WHAT IS BEING ASKED: Among the entries, which lines carry the string "True"? Copy each of them.

• • • • • • •

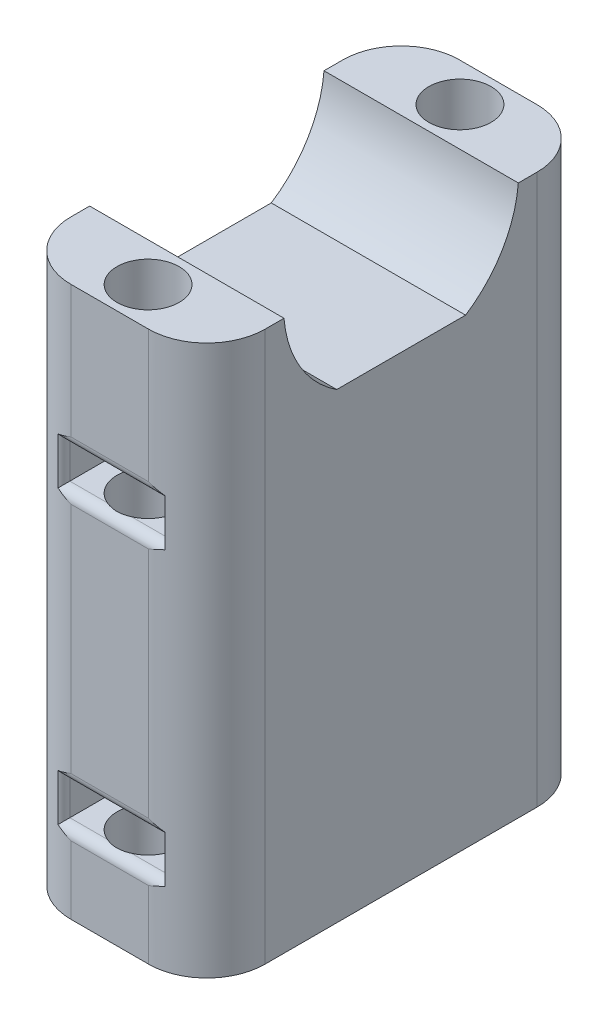
from build123d import *

# Parameters (mm, degrees)
BOSS_EXTRUDE1_DEPTH   = 5
SKETCH2_R             = 1.6
CUT_EXTRUDE1_DEPTH    = 31.894012365
CUT_EXTRUDE2_DEPTH    = 1
MIRROR14_COPY_1_DEPTH = 1
SKETCH5_W             = 20
SKETCH5_H             = 0.5
CUT_EXTRUDE4_DEPTH    = 33.084887408
FILLET2_R             = 0.5
FILLET3_START         = -1
FILLET3_DEPTH         = 29.3


with BuildPart() as part:
    # Sketch1 → Boss-Extrude1 (new, symmetric)
    with BuildSketch(Plane(origin=(0, 0, 0), x_dir=(0, 0, -1), z_dir=(1, 0, 0))):
        with BuildLine():
            Line((10, 0), (-10, 0))
            Line((-10, 0), (-10, 28.8))
            Line((-10, 28.8), (-6.05, 28.8))
            ThreePointArc((-6.05, 28.8), (-5.322096357, 25.935562883), (-3.315, 23.766137169))
            Line((-3.315, 23.766137169), (3.315, 23.766137169))
            ThreePointArc((3.315, 23.766137169), (5.322096357, 25.935562883), (6.05, 28.8))
            Line((6.05, 28.8), (10, 28.8))
            Line((10, 28.8), (10, 0))
        make_face()
    extrude(amount=BOSS_EXTRUDE1_DEPTH, both=True)

    # Sketch2 → Cut-Extrude1 (cut, through all)
    with BuildSketch(Plane(origin=(0, 28.8, 0), x_dir=(1, 0, 0), z_dir=(0, 1, 0))):
        with Locations(Location((0, 8.025, 0), (0, 0, 270))):
            Circle(SKETCH2_R)
        with Locations(Location((0, -8.025, 0), (0, 0, 270))):
            Circle(SKETCH2_R)
    extrude(amount=-CUT_EXTRUDE1_DEPTH, mode=Mode.SUBTRACT)

    # Sketch3 → Cut-Extrude2 (cut, symmetric)
    with BuildSketch(Plane(origin=(0, 20, 0), x_dir=(-1, 0, 0), z_dir=(0, -1, 0))):
        Polygon((0, 5.080513627), (2.55, 6.552756814), (2.55, 10), (-2.55, 10), (-2.55, 6.552756814), align=None)
    cut_extrude2 = extrude(amount=CUT_EXTRUDE2_DEPTH, both=True, mode=Mode.SUBTRACT)

    # Mirror13: Cut-Extrude2 across plane
    add(cut_extrude2.mirror(Plane.XY), mode=Mode.SUBTRACT)

    # Mirror14: Cut-Extrude2 across plane
    add(cut_extrude2.mirror(Plane(origin=(0, 12.5, 0), x_dir=(0, 0, 1), z_dir=(0, -1, 0))), mode=Mode.SUBTRACT)

    # Mirror14 copy 1 sketch → Mirror14 copy 1 (cut, symmetric)
    with BuildSketch(Plane(origin=(0, 5, 0), x_dir=(-1, 0, 0), z_dir=(0, 1, 0))):
        Polygon((0, 5.080513627), (2.55, 6.552756814), (2.55, 10), (-2.55, 10), (-2.55, 6.552756814), align=None)
    extrude(amount=MIRROR14_COPY_1_DEPTH, both=True, mode=Mode.SUBTRACT)

    # Sketch5 → Cut-Extrude4 (cut, through all)
    with BuildSketch(Plane.ZY.offset(5)):
        with Locations((0, 28.55)):
            Rectangle(SKETCH5_W, SKETCH5_H)
    extrude(amount=-CUT_EXTRUDE4_DEPTH, mode=Mode.SUBTRACT)

    # Fillet2
    # the kernel refuses this fillet: 0.5 mm, written as the material it takes off along each edge
    with BuildSketch(Plane(origin=(-2.55, 19, -10), x_dir=(0, -1, 0), z_dir=(1, 0, 0)), Plane(origin=(-2.55, 21, 10), x_dir=(0, 1, 0), z_dir=(1, 0, 0)), Plane(origin=(-2.55, 4, -10), x_dir=(0, -1, 0), z_dir=(1, 0, 0)), Plane(origin=(-2.55, 6, 10), x_dir=(0, 1, 0), z_dir=(1, 0, 0))) as fillet2_piece_1:
        with BuildLine():
            CenterArc((FILLET2_R, -FILLET2_R), FILLET2_R, 90, 90)
            Line((0, -FILLET2_R), (0, 0))
            Line((0, 0), (FILLET2_R, 0))
        make_face()
    extrude(amount=5.1, mode=Mode.SUBTRACT)
    with BuildSketch(Plane(origin=(-2.55, 21, -10), x_dir=(0, 1, 0), z_dir=(1, 0, 0)), Plane(origin=(-2.55, 19, 10), x_dir=(0, -1, 0), z_dir=(1, 0, 0)), Plane(origin=(-2.55, 6, -10), x_dir=(0, 1, 0), z_dir=(1, 0, 0)), Plane(origin=(-2.55, 4, 10), x_dir=(0, -1, 0), z_dir=(1, 0, 0))) as fillet2_piece_2:
        with BuildLine():
            CenterArc((FILLET2_R, FILLET2_R), FILLET2_R, 180, 90)
            Line((0, FILLET2_R), (0, 0))
            Line((0, 0), (FILLET2_R, 0))
        make_face()
    extrude(amount=5.1, mode=Mode.SUBTRACT)
    with BuildSketch(Plane(origin=(2.55, 19, -10), x_dir=(1, 0, 0), z_dir=(0, 1, 0)), Plane(origin=(-2.55, 21, -10), x_dir=(-1, 0, 0), z_dir=(0, -1, 0)), Plane(origin=(2.55, 6, 10), x_dir=(1, 0, 0), z_dir=(0, -1, 0)), Plane(origin=(-2.55, 4, 10), x_dir=(-1, 0, 0), z_dir=(0, 1, 0))) as fillet2_piece_3:
        with BuildLine():
            CenterArc((FILLET2_R, -FILLET2_R), FILLET2_R, 90, 90)
            Line((0, -FILLET2_R), (0, 0))
            Line((0, 0), (FILLET2_R, 0))
        make_face()
    extrude(amount=2, mode=Mode.SUBTRACT)
    with BuildSketch(Plane(origin=(-2.55, 21, 10), x_dir=(-1, 0, 0), z_dir=(0, -1, 0)), Plane(origin=(2.55, 19, 10), x_dir=(1, 0, 0), z_dir=(0, 1, 0)), Plane(origin=(-2.55, 4, -10), x_dir=(-1, 0, 0), z_dir=(0, 1, 0)), Plane(origin=(2.55, 6, -10), x_dir=(1, 0, 0), z_dir=(0, -1, 0))) as fillet2_piece_4:
        with BuildLine():
            CenterArc((FILLET2_R, FILLET2_R), FILLET2_R, 180, 90)
            Line((0, FILLET2_R), (0, 0))
            Line((0, 0), (FILLET2_R, 0))
        make_face()
    extrude(amount=2, mode=Mode.SUBTRACT)
    with BuildSketch(Plane(origin=(-3.8, 19, -10), x_dir=(0, -1, 0), z_dir=(1, 0, 0))) as fillet2_piece_5a_section:
        with BuildLine():
            CenterArc((FILLET2_R, -FILLET2_R), FILLET2_R, 90, 90)
            Line((0, -FILLET2_R), (0, 0))
            Line((0, 0), (FILLET2_R, 0))
        make_face()
    fillet2_piece_5a = extrude(amount=6.35, mode=Mode.PRIVATE)
    fillet2_piece_5a = split(fillet2_piece_5a, bisect_by=Plane(origin=(-2.55, 19, -10), z_dir=(-1, 0, 0)), keep=Keep.TOP, mode=Mode.PRIVATE)
    with BuildSketch(Plane(origin=(-2.55, 21, -10), x_dir=(-1, 0, 0), z_dir=(0, -1, 0))) as fillet2_piece_5b_section:
        with BuildLine():
            CenterArc((FILLET2_R, -FILLET2_R), FILLET2_R, 90, 90)
            Line((0, -FILLET2_R), (0, 0))
            Line((0, 0), (FILLET2_R, 0))
        make_face()
    fillet2_piece_5b = extrude(amount=3.25, mode=Mode.PRIVATE)
    fillet2_piece_5b = split(fillet2_piece_5b, bisect_by=Plane(origin=(-2.55, 19, -10), z_dir=(0, -1, 0)), keep=Keep.TOP, mode=Mode.PRIVATE)
    fillet2_piece_5 = fillet2_piece_5a & fillet2_piece_5b
    add(fillet2_piece_5, mode=Mode.SUBTRACT)
    with BuildSketch(Plane(origin=(2.55, 17.75, -10), x_dir=(1, 0, 0), z_dir=(0, 1, 0))) as fillet2_piece_6a_section:
        with BuildLine():
            CenterArc((FILLET2_R, -FILLET2_R), FILLET2_R, 90, 90)
            Line((0, -FILLET2_R), (0, 0))
            Line((0, 0), (FILLET2_R, 0))
        make_face()
    fillet2_piece_6a = extrude(amount=3.25, mode=Mode.PRIVATE)
    fillet2_piece_6a = split(fillet2_piece_6a, bisect_by=Plane(origin=(2.55, 19, -10), z_dir=(0, -1, 0)), keep=Keep.TOP, mode=Mode.PRIVATE)
    with BuildSketch(Plane(origin=(-2.55, 19, -10), x_dir=(0, -1, 0), z_dir=(1, 0, 0))) as fillet2_piece_6b_section:
        with BuildLine():
            CenterArc((FILLET2_R, -FILLET2_R), FILLET2_R, 90, 90)
            Line((0, -FILLET2_R), (0, 0))
            Line((0, 0), (FILLET2_R, 0))
        make_face()
    fillet2_piece_6b = extrude(amount=6.35, mode=Mode.PRIVATE)
    fillet2_piece_6b = split(fillet2_piece_6b, bisect_by=Plane(origin=(2.55, 19, -10), z_dir=(1, 0, 0)), keep=Keep.TOP, mode=Mode.PRIVATE)
    fillet2_piece_6 = fillet2_piece_6a & fillet2_piece_6b
    add(fillet2_piece_6, mode=Mode.SUBTRACT)
    with BuildSketch(Plane(origin=(-3.8, 21, -10), x_dir=(0, 1, 0), z_dir=(1, 0, 0))) as fillet2_piece_7a_section:
        with BuildLine():
            CenterArc((FILLET2_R, FILLET2_R), FILLET2_R, 180, 90)
            Line((0, FILLET2_R), (0, 0))
            Line((0, 0), (FILLET2_R, 0))
        make_face()
    fillet2_piece_7a = extrude(amount=6.35, mode=Mode.PRIVATE)
    fillet2_piece_7a = split(fillet2_piece_7a, bisect_by=Plane(origin=(-2.55, 21, -10), z_dir=(-1, 0, 0)), keep=Keep.TOP, mode=Mode.PRIVATE)
    with BuildSketch(Plane(origin=(-2.55, 22.25, -10), x_dir=(-1, 0, 0), z_dir=(0, -1, 0))) as fillet2_piece_7b_section:
        with BuildLine():
            CenterArc((FILLET2_R, -FILLET2_R), FILLET2_R, 90, 90)
            Line((0, -FILLET2_R), (0, 0))
            Line((0, 0), (FILLET2_R, 0))
        make_face()
    fillet2_piece_7b = extrude(amount=3.25, mode=Mode.PRIVATE)
    fillet2_piece_7b = split(fillet2_piece_7b, bisect_by=Plane(origin=(-2.55, 21, -10), z_dir=(0, 1, 0)), keep=Keep.TOP, mode=Mode.PRIVATE)
    fillet2_piece_7 = fillet2_piece_7a & fillet2_piece_7b
    add(fillet2_piece_7, mode=Mode.SUBTRACT)
    with BuildSketch(Plane(origin=(2.55, 19, -10), x_dir=(1, 0, 0), z_dir=(0, 1, 0))) as fillet2_piece_8a_section:
        with BuildLine():
            CenterArc((FILLET2_R, -FILLET2_R), FILLET2_R, 90, 90)
            Line((0, -FILLET2_R), (0, 0))
            Line((0, 0), (FILLET2_R, 0))
        make_face()
    fillet2_piece_8a = extrude(amount=3.25, mode=Mode.PRIVATE)
    fillet2_piece_8a = split(fillet2_piece_8a, bisect_by=Plane(origin=(2.55, 21, -10), z_dir=(0, 1, 0)), keep=Keep.TOP, mode=Mode.PRIVATE)
    with BuildSketch(Plane(origin=(-2.55, 21, -10), x_dir=(0, 1, 0), z_dir=(1, 0, 0))) as fillet2_piece_8b_section:
        with BuildLine():
            CenterArc((FILLET2_R, FILLET2_R), FILLET2_R, 180, 90)
            Line((0, FILLET2_R), (0, 0))
            Line((0, 0), (FILLET2_R, 0))
        make_face()
    fillet2_piece_8b = extrude(amount=6.35, mode=Mode.PRIVATE)
    fillet2_piece_8b = split(fillet2_piece_8b, bisect_by=Plane(origin=(2.55, 21, -10), z_dir=(1, 0, 0)), keep=Keep.TOP, mode=Mode.PRIVATE)
    fillet2_piece_8 = fillet2_piece_8a & fillet2_piece_8b
    add(fillet2_piece_8, mode=Mode.SUBTRACT)
    with BuildSketch(Plane(origin=(-2.55, 22.25, 10), x_dir=(-1, 0, 0), z_dir=(0, -1, 0))) as fillet2_piece_9a_section:
        with BuildLine():
            CenterArc((FILLET2_R, FILLET2_R), FILLET2_R, 180, 90)
            Line((0, FILLET2_R), (0, 0))
            Line((0, 0), (FILLET2_R, 0))
        make_face()
    fillet2_piece_9a = extrude(amount=3.25, mode=Mode.PRIVATE)
    fillet2_piece_9a = split(fillet2_piece_9a, bisect_by=Plane(origin=(-2.55, 21, 10), z_dir=(0, 1, 0)), keep=Keep.TOP, mode=Mode.PRIVATE)
    with BuildSketch(Plane(origin=(-3.8, 21, 10), x_dir=(0, 1, 0), z_dir=(1, 0, 0))) as fillet2_piece_9b_section:
        with BuildLine():
            CenterArc((FILLET2_R, -FILLET2_R), FILLET2_R, 90, 90)
            Line((0, -FILLET2_R), (0, 0))
            Line((0, 0), (FILLET2_R, 0))
        make_face()
    fillet2_piece_9b = extrude(amount=6.35, mode=Mode.PRIVATE)
    fillet2_piece_9b = split(fillet2_piece_9b, bisect_by=Plane(origin=(-2.55, 21, 10), z_dir=(-1, 0, 0)), keep=Keep.TOP, mode=Mode.PRIVATE)
    fillet2_piece_9 = fillet2_piece_9a & fillet2_piece_9b
    add(fillet2_piece_9, mode=Mode.SUBTRACT)
    with BuildSketch(Plane(origin=(2.55, 19, 10), x_dir=(1, 0, 0), z_dir=(0, 1, 0))) as fillet2_piece_10a_section:
        with BuildLine():
            CenterArc((FILLET2_R, FILLET2_R), FILLET2_R, 180, 90)
            Line((0, FILLET2_R), (0, 0))
            Line((0, 0), (FILLET2_R, 0))
        make_face()
    fillet2_piece_10a = extrude(amount=3.25, mode=Mode.PRIVATE)
    fillet2_piece_10a = split(fillet2_piece_10a, bisect_by=Plane(origin=(2.55, 21, 10), z_dir=(0, 1, 0)), keep=Keep.TOP, mode=Mode.PRIVATE)
    with BuildSketch(Plane(origin=(-2.55, 21, 10), x_dir=(0, 1, 0), z_dir=(1, 0, 0))) as fillet2_piece_10b_section:
        with BuildLine():
            CenterArc((FILLET2_R, -FILLET2_R), FILLET2_R, 90, 90)
            Line((0, -FILLET2_R), (0, 0))
            Line((0, 0), (FILLET2_R, 0))
        make_face()
    fillet2_piece_10b = extrude(amount=6.35, mode=Mode.PRIVATE)
    fillet2_piece_10b = split(fillet2_piece_10b, bisect_by=Plane(origin=(2.55, 21, 10), z_dir=(1, 0, 0)), keep=Keep.TOP, mode=Mode.PRIVATE)
    fillet2_piece_10 = fillet2_piece_10a & fillet2_piece_10b
    add(fillet2_piece_10, mode=Mode.SUBTRACT)
    with BuildSketch(Plane(origin=(-3.8, 19, 10), x_dir=(0, -1, 0), z_dir=(1, 0, 0))) as fillet2_piece_11a_section:
        with BuildLine():
            CenterArc((FILLET2_R, FILLET2_R), FILLET2_R, 180, 90)
            Line((0, FILLET2_R), (0, 0))
            Line((0, 0), (FILLET2_R, 0))
        make_face()
    fillet2_piece_11a = extrude(amount=6.35, mode=Mode.PRIVATE)
    fillet2_piece_11a = split(fillet2_piece_11a, bisect_by=Plane(origin=(-2.55, 19, 10), z_dir=(-1, 0, 0)), keep=Keep.TOP, mode=Mode.PRIVATE)
    with BuildSketch(Plane(origin=(-2.55, 21, 10), x_dir=(-1, 0, 0), z_dir=(0, -1, 0))) as fillet2_piece_11b_section:
        with BuildLine():
            CenterArc((FILLET2_R, FILLET2_R), FILLET2_R, 180, 90)
            Line((0, FILLET2_R), (0, 0))
            Line((0, 0), (FILLET2_R, 0))
        make_face()
    fillet2_piece_11b = extrude(amount=3.25, mode=Mode.PRIVATE)
    fillet2_piece_11b = split(fillet2_piece_11b, bisect_by=Plane(origin=(-2.55, 19, 10), z_dir=(0, -1, 0)), keep=Keep.TOP, mode=Mode.PRIVATE)
    fillet2_piece_11 = fillet2_piece_11a & fillet2_piece_11b
    add(fillet2_piece_11, mode=Mode.SUBTRACT)
    with BuildSketch(Plane(origin=(-2.55, 19, 10), x_dir=(0, -1, 0), z_dir=(1, 0, 0))) as fillet2_piece_12a_section:
        with BuildLine():
            CenterArc((FILLET2_R, FILLET2_R), FILLET2_R, 180, 90)
            Line((0, FILLET2_R), (0, 0))
            Line((0, 0), (FILLET2_R, 0))
        make_face()
    fillet2_piece_12a = extrude(amount=6.35, mode=Mode.PRIVATE)
    fillet2_piece_12a = split(fillet2_piece_12a, bisect_by=Plane(origin=(2.55, 19, 10), z_dir=(1, 0, 0)), keep=Keep.TOP, mode=Mode.PRIVATE)
    with BuildSketch(Plane(origin=(2.55, 17.75, 10), x_dir=(1, 0, 0), z_dir=(0, 1, 0))) as fillet2_piece_12b_section:
        with BuildLine():
            CenterArc((FILLET2_R, FILLET2_R), FILLET2_R, 180, 90)
            Line((0, FILLET2_R), (0, 0))
            Line((0, 0), (FILLET2_R, 0))
        make_face()
    fillet2_piece_12b = extrude(amount=3.25, mode=Mode.PRIVATE)
    fillet2_piece_12b = split(fillet2_piece_12b, bisect_by=Plane(origin=(2.55, 19, 10), z_dir=(0, -1, 0)), keep=Keep.TOP, mode=Mode.PRIVATE)
    fillet2_piece_12 = fillet2_piece_12a & fillet2_piece_12b
    add(fillet2_piece_12, mode=Mode.SUBTRACT)
    with BuildSketch(Plane(origin=(-2.55, 2.75, -10), x_dir=(-1, 0, 0), z_dir=(0, 1, 0))) as fillet2_piece_13a_section:
        with BuildLine():
            CenterArc((FILLET2_R, FILLET2_R), FILLET2_R, 180, 90)
            Line((0, FILLET2_R), (0, 0))
            Line((0, 0), (FILLET2_R, 0))
        make_face()
    fillet2_piece_13a = extrude(amount=3.25, mode=Mode.PRIVATE)
    fillet2_piece_13a = split(fillet2_piece_13a, bisect_by=Plane(origin=(-2.55, 4, -10), z_dir=(0, -1, 0)), keep=Keep.TOP, mode=Mode.PRIVATE)
    with BuildSketch(Plane(origin=(-3.8, 4, -10), x_dir=(0, -1, 0), z_dir=(1, 0, 0))) as fillet2_piece_13b_section:
        with BuildLine():
            CenterArc((FILLET2_R, -FILLET2_R), FILLET2_R, 90, 90)
            Line((0, -FILLET2_R), (0, 0))
            Line((0, 0), (FILLET2_R, 0))
        make_face()
    fillet2_piece_13b = extrude(amount=6.35, mode=Mode.PRIVATE)
    fillet2_piece_13b = split(fillet2_piece_13b, bisect_by=Plane(origin=(-2.55, 4, -10), z_dir=(-1, 0, 0)), keep=Keep.TOP, mode=Mode.PRIVATE)
    fillet2_piece_13 = fillet2_piece_13a & fillet2_piece_13b
    add(fillet2_piece_13, mode=Mode.SUBTRACT)
    with BuildSketch(Plane(origin=(2.55, 6, -10), x_dir=(1, 0, 0), z_dir=(0, -1, 0))) as fillet2_piece_14a_section:
        with BuildLine():
            CenterArc((FILLET2_R, FILLET2_R), FILLET2_R, 180, 90)
            Line((0, FILLET2_R), (0, 0))
            Line((0, 0), (FILLET2_R, 0))
        make_face()
    fillet2_piece_14a = extrude(amount=3.25, mode=Mode.PRIVATE)
    fillet2_piece_14a = split(fillet2_piece_14a, bisect_by=Plane(origin=(2.55, 4, -10), z_dir=(0, -1, 0)), keep=Keep.TOP, mode=Mode.PRIVATE)
    with BuildSketch(Plane(origin=(-2.55, 4, -10), x_dir=(0, -1, 0), z_dir=(1, 0, 0))) as fillet2_piece_14b_section:
        with BuildLine():
            CenterArc((FILLET2_R, -FILLET2_R), FILLET2_R, 90, 90)
            Line((0, -FILLET2_R), (0, 0))
            Line((0, 0), (FILLET2_R, 0))
        make_face()
    fillet2_piece_14b = extrude(amount=6.35, mode=Mode.PRIVATE)
    fillet2_piece_14b = split(fillet2_piece_14b, bisect_by=Plane(origin=(2.55, 4, -10), z_dir=(1, 0, 0)), keep=Keep.TOP, mode=Mode.PRIVATE)
    fillet2_piece_14 = fillet2_piece_14a & fillet2_piece_14b
    add(fillet2_piece_14, mode=Mode.SUBTRACT)
    with BuildSketch(Plane(origin=(-3.8, 6, -10), x_dir=(0, 1, 0), z_dir=(1, 0, 0))) as fillet2_piece_15a_section:
        with BuildLine():
            CenterArc((FILLET2_R, FILLET2_R), FILLET2_R, 180, 90)
            Line((0, FILLET2_R), (0, 0))
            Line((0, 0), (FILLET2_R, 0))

• • • • • • •

ANSWER TO THIS TASK:
    extrude(amount=BOSS_EXTRUDE1_DEPTH, both=True)
    cut_extrude2 = extrude(amount=CUT_EXTRUDE2_DEPTH, both=True, mode=Mode.SUBTRACT)
    extrude(amount=MIRROR14_COPY_1_DEPTH, both=True, mode=Mode.SUBTRACT)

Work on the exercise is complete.